Work to be completed
In the listing below, count the lines containing the string "Inputs". Reply with that number only.
++++ Data for the task ++++
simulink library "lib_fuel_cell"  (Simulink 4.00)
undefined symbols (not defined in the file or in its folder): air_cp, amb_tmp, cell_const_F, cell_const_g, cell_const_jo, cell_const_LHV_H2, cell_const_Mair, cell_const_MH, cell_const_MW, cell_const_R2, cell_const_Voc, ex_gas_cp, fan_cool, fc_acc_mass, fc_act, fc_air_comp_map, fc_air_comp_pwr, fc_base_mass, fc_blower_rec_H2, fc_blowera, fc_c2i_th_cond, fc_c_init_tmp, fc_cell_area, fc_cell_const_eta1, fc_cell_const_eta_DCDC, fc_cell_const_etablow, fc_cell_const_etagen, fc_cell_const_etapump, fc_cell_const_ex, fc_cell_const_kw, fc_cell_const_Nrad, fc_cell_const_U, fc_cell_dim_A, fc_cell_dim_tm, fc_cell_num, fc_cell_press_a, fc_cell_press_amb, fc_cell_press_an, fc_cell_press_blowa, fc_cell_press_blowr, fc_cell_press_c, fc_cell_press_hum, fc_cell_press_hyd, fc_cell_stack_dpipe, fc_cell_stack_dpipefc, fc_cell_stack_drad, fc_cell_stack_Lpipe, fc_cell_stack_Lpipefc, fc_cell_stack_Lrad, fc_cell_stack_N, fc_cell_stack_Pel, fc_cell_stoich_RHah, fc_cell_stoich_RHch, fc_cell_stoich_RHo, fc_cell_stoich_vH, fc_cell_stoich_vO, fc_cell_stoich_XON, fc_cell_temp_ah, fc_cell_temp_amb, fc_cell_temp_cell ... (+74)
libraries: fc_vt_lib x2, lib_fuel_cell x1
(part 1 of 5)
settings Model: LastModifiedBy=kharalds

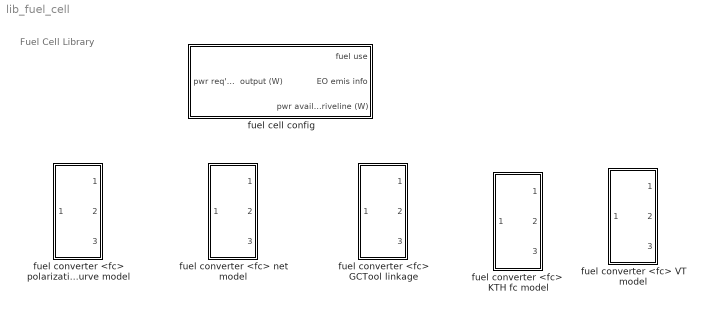
== system lib_fuel_cell ==
  note: Fuel Cell Library
  fuel cell config : Subsystem  BlockChoice=fuel converter <fc> net model
      settings: TemplateBlock=self  MemberBlocks="fuel converter <fc>  KTH fc model,fuel converter <fc> GCTool linkage,fuel converter <fc> VT model,fuel converter <fc> net model,fuel converter <fc> polarization curve model"  RTWFcnNameOpts=Auto  RTWFileNameOpts=Auto
  fuel converter <fc>  KTH fc model : Subsystem
      settings: RTWFcnNameOpts=Auto  RTWFileNameOpts=Auto
      mask Display: image(imread('bdi_fuelcell.jpg'))
  fuel converter <fc> GCTool linkage : Subsystem
      settings: RTWFcnNameOpts=Auto  RTWFileNameOpts=Auto
      mask Display: image(imread('bdi_fuelcell.jpg'))
  fuel converter <fc> VT model : Subsystem
      settings: RTWFcnNameOpts=Auto  RTWFileNameOpts=Auto
      mask Display: image(imread('bdi_fuelcell.jpg'))
  fuel converter <fc> net model : Subsystem
      settings: RTWFcnNameOpts=Auto  RTWFileNameOpts=Auto
      mask Display: image(imread('bdi_fuelcell.jpg'))
  fuel converter <fc> polarization curve model : Subsystem
      settings: RTWFcnNameOpts=Auto  RTWFileNameOpts=Auto
      mask Display: image(imread('bdi_fuelcell.jpg'))

== system lib_fuel_cell/fuel cell config ==
  pwr req'd at fc  output (W) : Inport  Port=1  LatchInput=off
  fuel converter <fc> net model : lib_fuel_cell/fuel converter <fc> net model
      link override fuel use and EO emis Fuel Cell/HOT engine maps /fuel (g//s): OutputValues=fc_fuel_map*fc_pwr_scale/fc_eff_scale
  fuel use : Outport  Port=1
  EO emis info : Outport  Port=2
  pwr avail. to driveline (W) : Outport  Port=3
  wires:
  pwr req'd at fc  output (W)/1 -> fuel converter <fc> net model/1
  fuel converter <fc> net model/1 -> fuel use/1
  fuel converter <fc> net model/2 -> EO emis info/1
  fuel converter <fc> net model/3 -> pwr avail. to driveline (W)/1

== system lib_fuel_cell/fuel converter <fc>  KTH fc model ==
  pwr req'd at fc  output (W) : Inport  Port=1  LatchInput=off
  Block NOTES : Subsystem
      settings: RTWFcnNameOpts=Auto  RTWFileNameOpts=Auto
      mask Display: disp('Block\nNOTES')
  Demux : Demux  Outputs=[1 4 1 1 1]  BusSelectionMode=off
  Demux1 : Demux  Outputs=[1 7 1]  BusSelectionMode=off
  Diagnostics : Subsystem
      settings: RTWFcnNameOpts=Auto  RTWFileNameOpts=Auto
  Mux1 : Mux  Inputs=7
  Temporary temperature : Constant  Value=[90 80 70 60]
  To Workspace2 : ToWorkspace  VariableName=fc_pwr_out_r  SampleTime=-1  SaveFormat=Array
  fuel cell  system <fc> : Subsystem
      settings: RTWFcnNameOpts=Auto  RTWFileNameOpts=Auto
  fuel use and EO emis Fuel Cell : Subsystem
      settings: RTWFcnNameOpts=Auto  RTWFileNameOpts=Auto
  fuel use : Outport  Port=1  InitialOutput=0
  EO emis info : Outport  Port=2  InitialOutput=0
  pwr avail. to driveline (W) : Outport  Port=3  InitialOutput=0
  tag scope: fc_pwr_out_a=global, fuel=global
  wires:
  fuel use and EO emis Fuel Cell/1(cum fuel  use (gal)) -> [fuel], fuel use/1
  fuel cell  system <fc>/1(power available (W) 1x1 emis info 7x1 fuel use 1x1) -> Demux1/1
  fuel use and EO emis Fuel Cell/3(Vv) -> Mux1/6
  fuel use and EO emis Fuel Cell/2("FC ON?, CO HC NOx PM mass flow exhaust exhaust temperature O2") -> Demux/1
  Demux1/1 -> pwr avail. to driveline (W)/1, [fc_pwr_out_a], fuel use and EO emis Fuel Cell/1(pwr (w))
  Demux1/2 -> fuel use and EO emis Fuel Cell/2(perf info)
  Demux1/3 -> fuel use and EO emis Fuel Cell/3(fuel use)
  pwr req'd at fc  output (W)/1 -> fuel cell  system <fc>/1(pwr req  (W)), To Workspace2/1
  fuel cell  system <fc>/2(system_characteristics) -> Diagnostics/1(In1)
  Temporary temperature/1 -> Mux1/7
  Mux1/1 -> EO emis info/1
  Demux/1 -> Mux1/1
  Demux/2 -> Mux1/2
  Demux/3 -> Mux1/3
  Demux/4 -> Mux1/4
  Demux/5 -> Mux1/5

== system lib_fuel_cell/fuel converter <fc> GCTool linkage ==
  pwr req'd at fc  output (W) : Inport  Port=1  LatchInput=off
  Block NOTES : Subsystem
      settings: RTWFcnNameOpts=Auto  RTWFileNameOpts=Auto
      mask Display: disp('Block\nNOTES')
  Constant : Constant  Value=fc_tstat
  Constant1 : Constant  Orientation=left  Value=0
  Constant3 : Constant  Value=fc_fuelcell_warmup_bool
  Constant4 : Constant  Orientation=left  Value=1
  Demux1 : Demux  Outputs=[1 7 1]  BusSelectionMode=off
  Mux : Mux  Inputs=2
      settings: DisplayOption=none
  Sum6 : Sum  Inputs=-+  SaturateOnIntegerOverflow=on
  Switch : Switch  Threshold=0
  Switch3 : Switch  Threshold=eps
  To Workspace2 : ToWorkspace  VariableName=fc_pwr_out_r  SampleTime=-1  SaveFormat=Array
  fuel cell  system <fc> : Subsystem
      settings: RTWFcnNameOpts=Auto  RTWFileNameOpts=Auto
  fuel use and EO emis Fuel Cell : Subsystem
      settings: RTWFcnNameOpts=Auto  RTWFileNameOpts=Auto
  gain : Gain  Gain=0.85  Multiplication=Element-wise(K.*u)  SaturateOnIntegerOverflow=on
  fuel use : Outport  Port=1  InitialOutput=0
  EO emis info : Outport  Port=2  InitialOutput=0
  pwr avail. to driveline (W) : Outport  Port=3  InitialOutput=0
  tag scope: fc_pwr_out_a=global, fuel=global
  wires:
  fuel use and EO emis Fuel Cell/1(cum fuel  use (gal)) -> [fuel], fuel use/1
  [coolant_temp] -> Sum6/2
  gain/1 -> Sum6/1
  Constant/1 -> gain/1
  Switch/1 -> [fc_pwr_out_a], pwr avail. to driveline (W)/1
  Switch3/1 -> Switch/2
  Sum6/1 -> Switch3/1
  Constant4/1 -> Switch3/3
  Constant3/1 -> Switch3/2
  Constant1/1 -> Switch/3
  pwr req'd at fc  output (W)/1 -> fuel cell  system <fc>/1(pwr req  (W)), To Workspace2/1
  fuel cell  system <fc>/1(power available (W) 1x1 emis info 7x1 fuel use 1x1) -> Demux1/1
  fuel use and EO emis Fuel Cell/3(Vv,Tfc) -> Mux/2
  fuel use and EO emis Fuel Cell/2("FC ON?, EOem, MFex, Tex, O2ex") -> Mux/1
  Mux/1 -> EO emis info/1
  Demux1/1 -> fuel use and EO emis Fuel Cell/1(pwr (w)), Switch/1
  Demux1/2 -> fuel use and EO emis Fuel Cell/2(perf info)
  Demux1/3 -> fuel use and EO emis Fuel Cell/3(fuel use)

== system lib_fuel_cell/fuel converter <fc> VT model ==
  note: May need to add enabled subsystem to top level (tm:8/12/02)
  pwr req'd at fc  output (W) : Inport  Port=1  LatchInput=off
  Block NOTES : Subsystem
      settings: RTWFcnNameOpts=Auto  RTWFileNameOpts=Auto
      mask Display: disp('Block\nNOTES')
  Fuel Cell Power System Model (S. Gurski - Virgina Tech) : Subsystem
      settings: RTWFcnNameOpts=Auto  RTWFileNameOpts=Auto
  Mux : Mux  Inputs=2
      settings: DisplayOption=none
  To Workspace2 : ToWorkspace  VariableName=fc_pwr_out_r  SampleTime=-1  SaveFormat=Array
  diagnostics : Subsystem
      settings: RTWFcnNameOpts=Auto  RTWFileNameOpts=Auto
  fuel use and EO emis Fuel Cell : Subsystem
      settings: RTWFcnNameOpts=Auto  RTWFileNameOpts=Auto
  fuel use : Outport  Port=1  InitialOutput=0
  EO emis info : Outport  Port=2  InitialOutput=0
  pwr avail. to driveline (W) : Outport  Port=3  InitialOutput=0
  tag scope: fc_pwr_out_a=global, fuel=global
  wires:
  Mux/1 -> EO emis info/1
  fuel use and EO emis Fuel Cell/2("FC ON?, EOem, MFex, Tex, O2ex") -> Mux/1
  fuel use and EO emis Fuel Cell/3(Vv,Tfc) -> Mux/2
  Fuel Cell Power System Model (S. Gurski - Virgina Tech)/1(Net Power Gen) -> fuel use and EO emis Fuel Cell/1(pwr (w)), pwr avail. to driveline (W)/1, [fc_pwr_out_a]
  pwr req'd at fc  output (W)/1 -> To Workspace2/1, Fuel Cell Power System Model (S. Gurski - Virgina Tech)/1(Net Power Request)
  fuel use and EO emis Fuel Cell/1(cum fuel  use (gal)) -> fuel use/1, [fuel]
  Fuel Cell Power System Model (S. Gurski - Virgina Tech)/2(system_characteristics) -> fuel use and EO emis Fuel Cell/2(system info), diagnostics/1(In1)

== system lib_fuel_cell/fuel converter <fc> net model ==
  pwr req'd at fc  output (W) : Inport  Port=1  LatchInput=off
  Block NOTES : Subsystem
      settings: RTWFcnNameOpts=Auto  RTWFileNameOpts=Auto
      mask Display: disp('Block\nNOTES')
  Constant : Constant  Value=fc_tstat
  Constant1 : Constant  Orientation=left  Value=0
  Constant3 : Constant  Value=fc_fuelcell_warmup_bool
++++
Output of the exercise
4